Visioni d’Autore: al Cinéma Sala Pegasus il film Guerra e Pace

  • Letto 112
  • Sabato 5 giugno alle ore 17 incontro con il regista Massimo D’Anolfi. L’iniziativa è patrocinata da Emergency

    Nuovo appuntamento al Cinéma Sala Pegasus con “Visioni d’Autore”. Sabato 5 giugno alle ore 17.00, in occasione della proiezione del film Guerra e pace, è in programma l’incontro con il regista Massimo D’Anolfi.

    L’iniziativa è organizzata con il patrocinio di Emergency (saranno presenti i volontari con un banchetto informativo) e del Comune di Spoleto.

    Guerra e pace, pellicola in concorso alla 77ª Mostra internazionale d’arte cinematografica di Venezia, racconta l’ultracentenaria relazione tra cinema e guerra, dal loro primo incontro, nel lontano 1911, in occasione dell’invasione italiana in Libia, fino ai giorni nostri. Dalle sequenze filmate dai pionieri del cinema alle odierne riprese girate con gli smartphone dai cittadini del mondo, il passo appare brevissimo e la relazione tra cinema e guerra solidissima. Guerra e pace è una riflessione sulle immagini e, come in un grande romanzo scandito in quattro capitoli – passato remoto, passato prossimo, presente e futuro –, prova a ricomporre i frammenti della memoria visiva dai primi del Novecento a oggi e mette in scena la moltiplicazione delle visioni che, come un costante rumore di fondo, accompagnano le nostre attuali esistenze. Quattro importanti istituzioni europee ospitano la narrazione del nostro film e ne costituiscono la solida impalcatura spazio-temporale. Impalcatura in cui la pace e la guerra sembrano convivere e tenersi a bada a vicenda. Guerra e pace si interroga sulle conseguenze della guerra, sul senso della storia e della conservazione della memoria a beneficio delle future generazioni.

    COMMENTO DEI REGISTI

    La prima intuizione di Guerra e pace è nata un giorno di fronte un’ambasciata italiana in una capitale straniera.

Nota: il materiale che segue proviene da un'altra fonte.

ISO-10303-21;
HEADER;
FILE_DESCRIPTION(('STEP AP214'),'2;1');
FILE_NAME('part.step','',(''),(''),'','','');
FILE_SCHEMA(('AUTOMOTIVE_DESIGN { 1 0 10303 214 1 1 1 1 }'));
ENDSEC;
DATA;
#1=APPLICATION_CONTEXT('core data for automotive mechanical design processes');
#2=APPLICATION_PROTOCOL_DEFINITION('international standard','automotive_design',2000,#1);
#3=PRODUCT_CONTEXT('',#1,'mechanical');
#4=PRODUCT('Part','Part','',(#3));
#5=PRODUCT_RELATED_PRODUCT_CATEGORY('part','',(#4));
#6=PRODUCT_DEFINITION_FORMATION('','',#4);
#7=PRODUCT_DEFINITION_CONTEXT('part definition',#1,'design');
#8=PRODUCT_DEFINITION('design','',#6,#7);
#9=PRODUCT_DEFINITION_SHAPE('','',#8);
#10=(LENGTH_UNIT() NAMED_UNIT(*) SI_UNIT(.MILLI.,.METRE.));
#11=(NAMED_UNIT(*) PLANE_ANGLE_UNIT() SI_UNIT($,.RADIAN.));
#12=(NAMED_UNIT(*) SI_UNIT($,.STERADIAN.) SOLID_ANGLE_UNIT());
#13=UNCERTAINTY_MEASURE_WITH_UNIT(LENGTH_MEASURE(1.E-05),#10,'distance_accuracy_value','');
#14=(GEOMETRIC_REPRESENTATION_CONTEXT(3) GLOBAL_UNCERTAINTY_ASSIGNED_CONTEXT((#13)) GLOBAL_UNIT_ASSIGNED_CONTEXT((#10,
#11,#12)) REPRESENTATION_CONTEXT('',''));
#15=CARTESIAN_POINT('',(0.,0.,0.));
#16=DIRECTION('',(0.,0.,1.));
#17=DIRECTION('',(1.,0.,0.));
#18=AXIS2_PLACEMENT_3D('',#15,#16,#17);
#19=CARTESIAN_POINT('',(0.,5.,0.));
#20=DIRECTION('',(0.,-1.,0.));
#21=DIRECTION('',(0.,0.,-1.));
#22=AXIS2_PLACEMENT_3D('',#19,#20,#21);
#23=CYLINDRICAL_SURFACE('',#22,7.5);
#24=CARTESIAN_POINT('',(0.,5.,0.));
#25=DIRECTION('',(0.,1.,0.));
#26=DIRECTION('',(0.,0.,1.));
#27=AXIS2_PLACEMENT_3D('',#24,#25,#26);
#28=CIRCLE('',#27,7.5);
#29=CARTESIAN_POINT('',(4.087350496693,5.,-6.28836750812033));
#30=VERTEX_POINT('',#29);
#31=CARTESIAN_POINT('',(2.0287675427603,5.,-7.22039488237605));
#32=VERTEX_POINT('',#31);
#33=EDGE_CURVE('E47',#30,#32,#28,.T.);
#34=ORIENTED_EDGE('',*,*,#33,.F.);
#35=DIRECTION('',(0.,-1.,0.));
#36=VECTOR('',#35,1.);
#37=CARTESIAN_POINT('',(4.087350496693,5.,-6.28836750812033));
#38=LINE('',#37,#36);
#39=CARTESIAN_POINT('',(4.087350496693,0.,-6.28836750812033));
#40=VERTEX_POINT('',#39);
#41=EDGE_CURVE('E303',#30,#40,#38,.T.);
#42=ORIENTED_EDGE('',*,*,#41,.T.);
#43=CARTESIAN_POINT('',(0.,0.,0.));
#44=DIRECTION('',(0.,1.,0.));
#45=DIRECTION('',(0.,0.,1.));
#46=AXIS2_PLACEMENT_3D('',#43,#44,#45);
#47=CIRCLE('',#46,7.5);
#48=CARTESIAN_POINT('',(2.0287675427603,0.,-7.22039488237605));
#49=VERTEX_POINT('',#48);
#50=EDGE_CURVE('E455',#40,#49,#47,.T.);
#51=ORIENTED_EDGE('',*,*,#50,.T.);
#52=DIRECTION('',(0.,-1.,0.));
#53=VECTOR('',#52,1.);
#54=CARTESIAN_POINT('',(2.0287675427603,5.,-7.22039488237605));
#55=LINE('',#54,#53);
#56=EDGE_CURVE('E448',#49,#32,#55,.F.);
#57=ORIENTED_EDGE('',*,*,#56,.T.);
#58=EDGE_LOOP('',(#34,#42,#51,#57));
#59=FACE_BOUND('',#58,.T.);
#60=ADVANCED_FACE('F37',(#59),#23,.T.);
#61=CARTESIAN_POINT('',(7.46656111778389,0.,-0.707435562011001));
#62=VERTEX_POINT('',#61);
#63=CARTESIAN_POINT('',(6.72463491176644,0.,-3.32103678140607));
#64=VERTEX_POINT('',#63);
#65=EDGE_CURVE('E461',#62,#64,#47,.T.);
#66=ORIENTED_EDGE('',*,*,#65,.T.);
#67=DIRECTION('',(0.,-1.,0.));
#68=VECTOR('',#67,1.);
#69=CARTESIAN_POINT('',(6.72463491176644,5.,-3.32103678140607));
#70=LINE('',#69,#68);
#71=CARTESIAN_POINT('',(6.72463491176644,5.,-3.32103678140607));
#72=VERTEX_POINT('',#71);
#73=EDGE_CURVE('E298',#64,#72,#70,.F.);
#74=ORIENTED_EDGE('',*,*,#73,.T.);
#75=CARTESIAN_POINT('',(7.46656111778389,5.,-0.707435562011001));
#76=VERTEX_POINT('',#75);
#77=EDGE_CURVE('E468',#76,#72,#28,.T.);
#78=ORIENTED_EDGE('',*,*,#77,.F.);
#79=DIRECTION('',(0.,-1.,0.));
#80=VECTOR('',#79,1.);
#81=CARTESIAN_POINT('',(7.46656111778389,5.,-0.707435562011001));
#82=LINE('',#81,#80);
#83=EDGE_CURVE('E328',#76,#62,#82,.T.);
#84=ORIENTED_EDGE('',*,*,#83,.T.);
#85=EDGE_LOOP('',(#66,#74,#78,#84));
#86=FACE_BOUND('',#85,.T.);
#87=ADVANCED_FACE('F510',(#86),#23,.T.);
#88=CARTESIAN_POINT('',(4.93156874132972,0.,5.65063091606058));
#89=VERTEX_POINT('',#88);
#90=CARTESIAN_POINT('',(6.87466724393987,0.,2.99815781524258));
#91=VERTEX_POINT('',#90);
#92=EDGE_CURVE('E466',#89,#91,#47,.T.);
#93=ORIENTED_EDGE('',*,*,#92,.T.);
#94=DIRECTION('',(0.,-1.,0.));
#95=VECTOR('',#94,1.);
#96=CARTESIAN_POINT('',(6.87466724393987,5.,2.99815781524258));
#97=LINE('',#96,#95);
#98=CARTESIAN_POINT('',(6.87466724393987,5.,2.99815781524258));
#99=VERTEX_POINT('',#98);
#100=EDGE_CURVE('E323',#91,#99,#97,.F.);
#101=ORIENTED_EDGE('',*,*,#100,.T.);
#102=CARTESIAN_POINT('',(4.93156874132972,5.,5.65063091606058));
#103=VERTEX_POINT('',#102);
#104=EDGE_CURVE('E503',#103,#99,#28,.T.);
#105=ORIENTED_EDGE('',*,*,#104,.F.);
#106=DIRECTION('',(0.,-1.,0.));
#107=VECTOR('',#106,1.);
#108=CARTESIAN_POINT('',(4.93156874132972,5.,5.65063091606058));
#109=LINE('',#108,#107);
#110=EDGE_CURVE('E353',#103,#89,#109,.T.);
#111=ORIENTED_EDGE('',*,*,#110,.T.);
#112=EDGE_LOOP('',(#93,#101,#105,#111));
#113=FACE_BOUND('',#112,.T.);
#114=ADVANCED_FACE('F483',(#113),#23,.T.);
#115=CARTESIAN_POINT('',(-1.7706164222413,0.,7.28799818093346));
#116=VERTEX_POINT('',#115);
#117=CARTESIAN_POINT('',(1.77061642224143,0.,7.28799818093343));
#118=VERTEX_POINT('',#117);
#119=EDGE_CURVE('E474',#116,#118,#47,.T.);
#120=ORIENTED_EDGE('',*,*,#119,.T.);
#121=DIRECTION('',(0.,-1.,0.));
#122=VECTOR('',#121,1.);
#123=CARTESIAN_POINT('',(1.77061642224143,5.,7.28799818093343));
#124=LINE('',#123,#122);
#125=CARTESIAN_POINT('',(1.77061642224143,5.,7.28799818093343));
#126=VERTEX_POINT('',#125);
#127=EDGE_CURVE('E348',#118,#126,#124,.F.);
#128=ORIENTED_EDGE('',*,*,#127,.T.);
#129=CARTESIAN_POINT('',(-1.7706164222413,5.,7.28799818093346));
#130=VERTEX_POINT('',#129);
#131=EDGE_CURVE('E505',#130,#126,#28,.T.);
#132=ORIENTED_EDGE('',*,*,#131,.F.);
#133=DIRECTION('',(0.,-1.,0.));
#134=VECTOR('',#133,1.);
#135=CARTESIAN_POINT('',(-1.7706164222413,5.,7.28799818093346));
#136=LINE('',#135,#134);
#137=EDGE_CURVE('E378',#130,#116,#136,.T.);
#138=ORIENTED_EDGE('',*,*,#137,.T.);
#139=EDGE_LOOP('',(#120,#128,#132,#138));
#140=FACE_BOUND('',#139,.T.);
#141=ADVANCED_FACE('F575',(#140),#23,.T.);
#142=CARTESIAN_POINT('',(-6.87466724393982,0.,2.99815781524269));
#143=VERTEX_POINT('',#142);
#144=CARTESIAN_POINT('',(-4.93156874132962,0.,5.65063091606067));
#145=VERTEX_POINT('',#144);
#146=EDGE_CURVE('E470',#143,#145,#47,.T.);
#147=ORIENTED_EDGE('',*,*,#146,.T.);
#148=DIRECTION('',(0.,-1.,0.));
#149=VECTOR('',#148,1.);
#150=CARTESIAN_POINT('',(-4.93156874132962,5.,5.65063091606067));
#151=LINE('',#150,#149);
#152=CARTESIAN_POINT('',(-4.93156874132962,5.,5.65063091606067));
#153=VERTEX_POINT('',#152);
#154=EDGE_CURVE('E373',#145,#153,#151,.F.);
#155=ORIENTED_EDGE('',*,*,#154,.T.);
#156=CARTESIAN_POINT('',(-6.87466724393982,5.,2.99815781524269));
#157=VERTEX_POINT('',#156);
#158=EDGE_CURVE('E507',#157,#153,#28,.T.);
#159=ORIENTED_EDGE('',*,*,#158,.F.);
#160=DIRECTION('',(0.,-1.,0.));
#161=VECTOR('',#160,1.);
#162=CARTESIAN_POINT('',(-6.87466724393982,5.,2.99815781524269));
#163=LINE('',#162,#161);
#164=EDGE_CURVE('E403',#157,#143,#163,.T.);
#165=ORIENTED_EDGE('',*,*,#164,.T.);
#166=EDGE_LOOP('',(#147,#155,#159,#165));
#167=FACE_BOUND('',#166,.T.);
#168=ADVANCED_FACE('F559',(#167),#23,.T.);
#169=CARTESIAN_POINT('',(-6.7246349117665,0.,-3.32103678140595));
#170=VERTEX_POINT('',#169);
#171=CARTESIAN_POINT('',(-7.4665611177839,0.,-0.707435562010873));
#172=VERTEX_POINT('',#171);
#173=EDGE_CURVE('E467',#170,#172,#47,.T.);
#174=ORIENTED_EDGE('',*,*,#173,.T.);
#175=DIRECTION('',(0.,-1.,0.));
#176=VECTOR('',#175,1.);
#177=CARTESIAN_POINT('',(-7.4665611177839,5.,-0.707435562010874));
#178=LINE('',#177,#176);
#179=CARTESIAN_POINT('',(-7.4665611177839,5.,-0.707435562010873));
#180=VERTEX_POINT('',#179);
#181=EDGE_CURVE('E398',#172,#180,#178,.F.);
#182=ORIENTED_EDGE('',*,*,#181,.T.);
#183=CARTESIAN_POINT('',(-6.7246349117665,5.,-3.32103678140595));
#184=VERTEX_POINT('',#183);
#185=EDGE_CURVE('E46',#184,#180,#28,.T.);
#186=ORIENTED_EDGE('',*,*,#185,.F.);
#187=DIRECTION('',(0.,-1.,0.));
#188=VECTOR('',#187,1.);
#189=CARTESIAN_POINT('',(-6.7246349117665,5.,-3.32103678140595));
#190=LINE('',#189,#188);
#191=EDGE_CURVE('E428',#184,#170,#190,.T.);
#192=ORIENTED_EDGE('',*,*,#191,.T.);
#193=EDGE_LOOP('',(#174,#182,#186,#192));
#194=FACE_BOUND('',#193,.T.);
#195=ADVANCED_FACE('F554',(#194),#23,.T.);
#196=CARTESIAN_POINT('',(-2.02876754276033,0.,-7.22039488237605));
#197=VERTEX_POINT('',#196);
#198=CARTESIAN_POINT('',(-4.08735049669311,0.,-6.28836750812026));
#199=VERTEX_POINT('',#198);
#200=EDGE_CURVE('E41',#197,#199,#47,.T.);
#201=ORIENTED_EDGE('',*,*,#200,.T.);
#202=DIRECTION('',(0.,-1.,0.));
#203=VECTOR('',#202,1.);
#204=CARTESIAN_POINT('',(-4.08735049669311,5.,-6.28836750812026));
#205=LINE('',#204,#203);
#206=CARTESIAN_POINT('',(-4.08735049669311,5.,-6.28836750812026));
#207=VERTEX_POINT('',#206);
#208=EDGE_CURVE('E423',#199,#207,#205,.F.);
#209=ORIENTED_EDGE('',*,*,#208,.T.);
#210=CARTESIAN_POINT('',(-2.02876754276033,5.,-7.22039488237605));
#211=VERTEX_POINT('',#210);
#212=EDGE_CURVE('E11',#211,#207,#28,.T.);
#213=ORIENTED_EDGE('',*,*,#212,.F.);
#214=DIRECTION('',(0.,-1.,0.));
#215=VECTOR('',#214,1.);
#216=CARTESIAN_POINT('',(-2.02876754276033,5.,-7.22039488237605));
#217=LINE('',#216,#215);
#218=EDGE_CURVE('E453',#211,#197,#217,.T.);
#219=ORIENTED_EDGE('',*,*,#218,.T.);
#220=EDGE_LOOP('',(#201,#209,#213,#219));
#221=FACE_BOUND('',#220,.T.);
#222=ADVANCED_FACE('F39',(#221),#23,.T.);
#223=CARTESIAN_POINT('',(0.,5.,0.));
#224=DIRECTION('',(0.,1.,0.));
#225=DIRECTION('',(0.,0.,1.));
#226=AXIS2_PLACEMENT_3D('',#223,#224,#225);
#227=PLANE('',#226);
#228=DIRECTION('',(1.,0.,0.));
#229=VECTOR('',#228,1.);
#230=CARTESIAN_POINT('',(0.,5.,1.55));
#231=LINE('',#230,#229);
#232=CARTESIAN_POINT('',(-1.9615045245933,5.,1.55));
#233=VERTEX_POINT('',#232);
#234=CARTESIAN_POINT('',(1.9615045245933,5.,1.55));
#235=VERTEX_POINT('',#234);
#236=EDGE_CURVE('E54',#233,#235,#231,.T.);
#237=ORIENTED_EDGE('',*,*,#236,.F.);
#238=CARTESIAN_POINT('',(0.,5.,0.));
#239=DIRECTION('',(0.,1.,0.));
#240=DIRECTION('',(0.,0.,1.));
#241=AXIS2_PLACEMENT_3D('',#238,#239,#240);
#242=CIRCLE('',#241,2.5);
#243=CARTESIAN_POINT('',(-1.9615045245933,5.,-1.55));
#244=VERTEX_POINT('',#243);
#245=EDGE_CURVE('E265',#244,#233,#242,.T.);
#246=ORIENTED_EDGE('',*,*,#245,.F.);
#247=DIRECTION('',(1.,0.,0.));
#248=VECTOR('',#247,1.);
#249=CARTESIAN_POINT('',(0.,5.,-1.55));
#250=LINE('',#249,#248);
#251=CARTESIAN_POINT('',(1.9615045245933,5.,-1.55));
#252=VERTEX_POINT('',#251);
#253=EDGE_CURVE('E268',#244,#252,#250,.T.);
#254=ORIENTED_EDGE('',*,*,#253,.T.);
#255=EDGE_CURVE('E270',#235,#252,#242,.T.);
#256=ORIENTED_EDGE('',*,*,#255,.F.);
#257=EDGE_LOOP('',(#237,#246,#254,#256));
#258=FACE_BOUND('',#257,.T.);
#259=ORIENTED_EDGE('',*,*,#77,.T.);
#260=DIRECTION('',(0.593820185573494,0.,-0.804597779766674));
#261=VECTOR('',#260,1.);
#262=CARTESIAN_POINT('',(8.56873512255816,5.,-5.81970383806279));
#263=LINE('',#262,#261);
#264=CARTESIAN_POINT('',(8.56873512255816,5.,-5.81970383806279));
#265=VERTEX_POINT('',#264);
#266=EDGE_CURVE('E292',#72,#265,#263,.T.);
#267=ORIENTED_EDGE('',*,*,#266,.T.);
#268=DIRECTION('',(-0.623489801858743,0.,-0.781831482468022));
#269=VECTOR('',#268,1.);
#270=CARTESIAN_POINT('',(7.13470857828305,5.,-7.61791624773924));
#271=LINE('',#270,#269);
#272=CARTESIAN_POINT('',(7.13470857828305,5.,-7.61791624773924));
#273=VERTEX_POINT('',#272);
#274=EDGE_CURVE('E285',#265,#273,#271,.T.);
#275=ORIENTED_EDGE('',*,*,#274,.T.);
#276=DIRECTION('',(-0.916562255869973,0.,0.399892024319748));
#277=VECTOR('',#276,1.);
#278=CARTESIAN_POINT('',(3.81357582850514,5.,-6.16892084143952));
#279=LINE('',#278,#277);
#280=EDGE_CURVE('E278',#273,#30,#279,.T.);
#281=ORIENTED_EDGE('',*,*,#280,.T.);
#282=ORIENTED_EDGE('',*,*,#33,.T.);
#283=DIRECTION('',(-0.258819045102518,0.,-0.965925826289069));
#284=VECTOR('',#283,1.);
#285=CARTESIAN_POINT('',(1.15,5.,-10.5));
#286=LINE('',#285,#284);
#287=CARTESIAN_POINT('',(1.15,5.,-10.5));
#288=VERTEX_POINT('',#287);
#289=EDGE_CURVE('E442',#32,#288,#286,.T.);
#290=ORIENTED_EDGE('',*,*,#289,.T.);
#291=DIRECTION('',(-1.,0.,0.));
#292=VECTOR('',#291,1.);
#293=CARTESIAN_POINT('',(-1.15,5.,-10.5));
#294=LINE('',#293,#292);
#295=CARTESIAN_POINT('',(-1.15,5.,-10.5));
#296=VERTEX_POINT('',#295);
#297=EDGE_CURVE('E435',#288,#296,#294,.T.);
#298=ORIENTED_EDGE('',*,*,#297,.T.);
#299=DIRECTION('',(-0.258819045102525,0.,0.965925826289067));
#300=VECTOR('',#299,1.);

Ci siamo domandati che funzione e che valore potessero avere ancora questi palazzi privilegiati e, più genericamente, quale fosse il senso dell’attività diplomatica in un mondo in cui la comunicazione e le notizie viaggiano a una velocità fuori da ogni controllo. Crediamo che oggi più che mai sia necessario ripensare agli strumenti che prevengono, limitano, contengono i conflitti in favore del dialogo tra uomini e istituzioni. Il cinema, fin dalle sue origini, ci mostra di aver avuto un legame fortissimo con la guerra più che con la pace, sia per lo spirito che ha attraversato la prima metà del secolo scorso, sia per l’intrinseca necessità di documentare gli eventi storici, sia per la reale difficoltà di filmare un processo di pace. Abbiamo dunque deciso di riflettere sulle immagini del passato e del presente non solo come strumento di guerra, ma anche come possibile strumento di pace.

     

    VISIONI D’AUTORE

    Il Cinéma Sala Pegasus, in collaborazione con l’Assessorato alla Cultura del Comune di Spoleto e Maia Associazione Culturale, organizza nel corso dell’anno cinematografico una serie di incontri con registi italiani per la presentazione di opere in prevalenza prime e seconde con l’obiettivo di dare voce al meglio della cinematografia contemporanea.

    La rassegna si avvale del fondamentale contributo di Maia Associazione Culturale nella persona di Graziella Bildesheim, professionista del settore che opera nel campo cinematografico a livello internazionale.

    La maggior parte degli incontri sono coordinati da Roberto Lazzerini, formatore ed esperto di cinema, la cui collaborazione si rivela preziosa nel posizionare il dialogo con il pubblico.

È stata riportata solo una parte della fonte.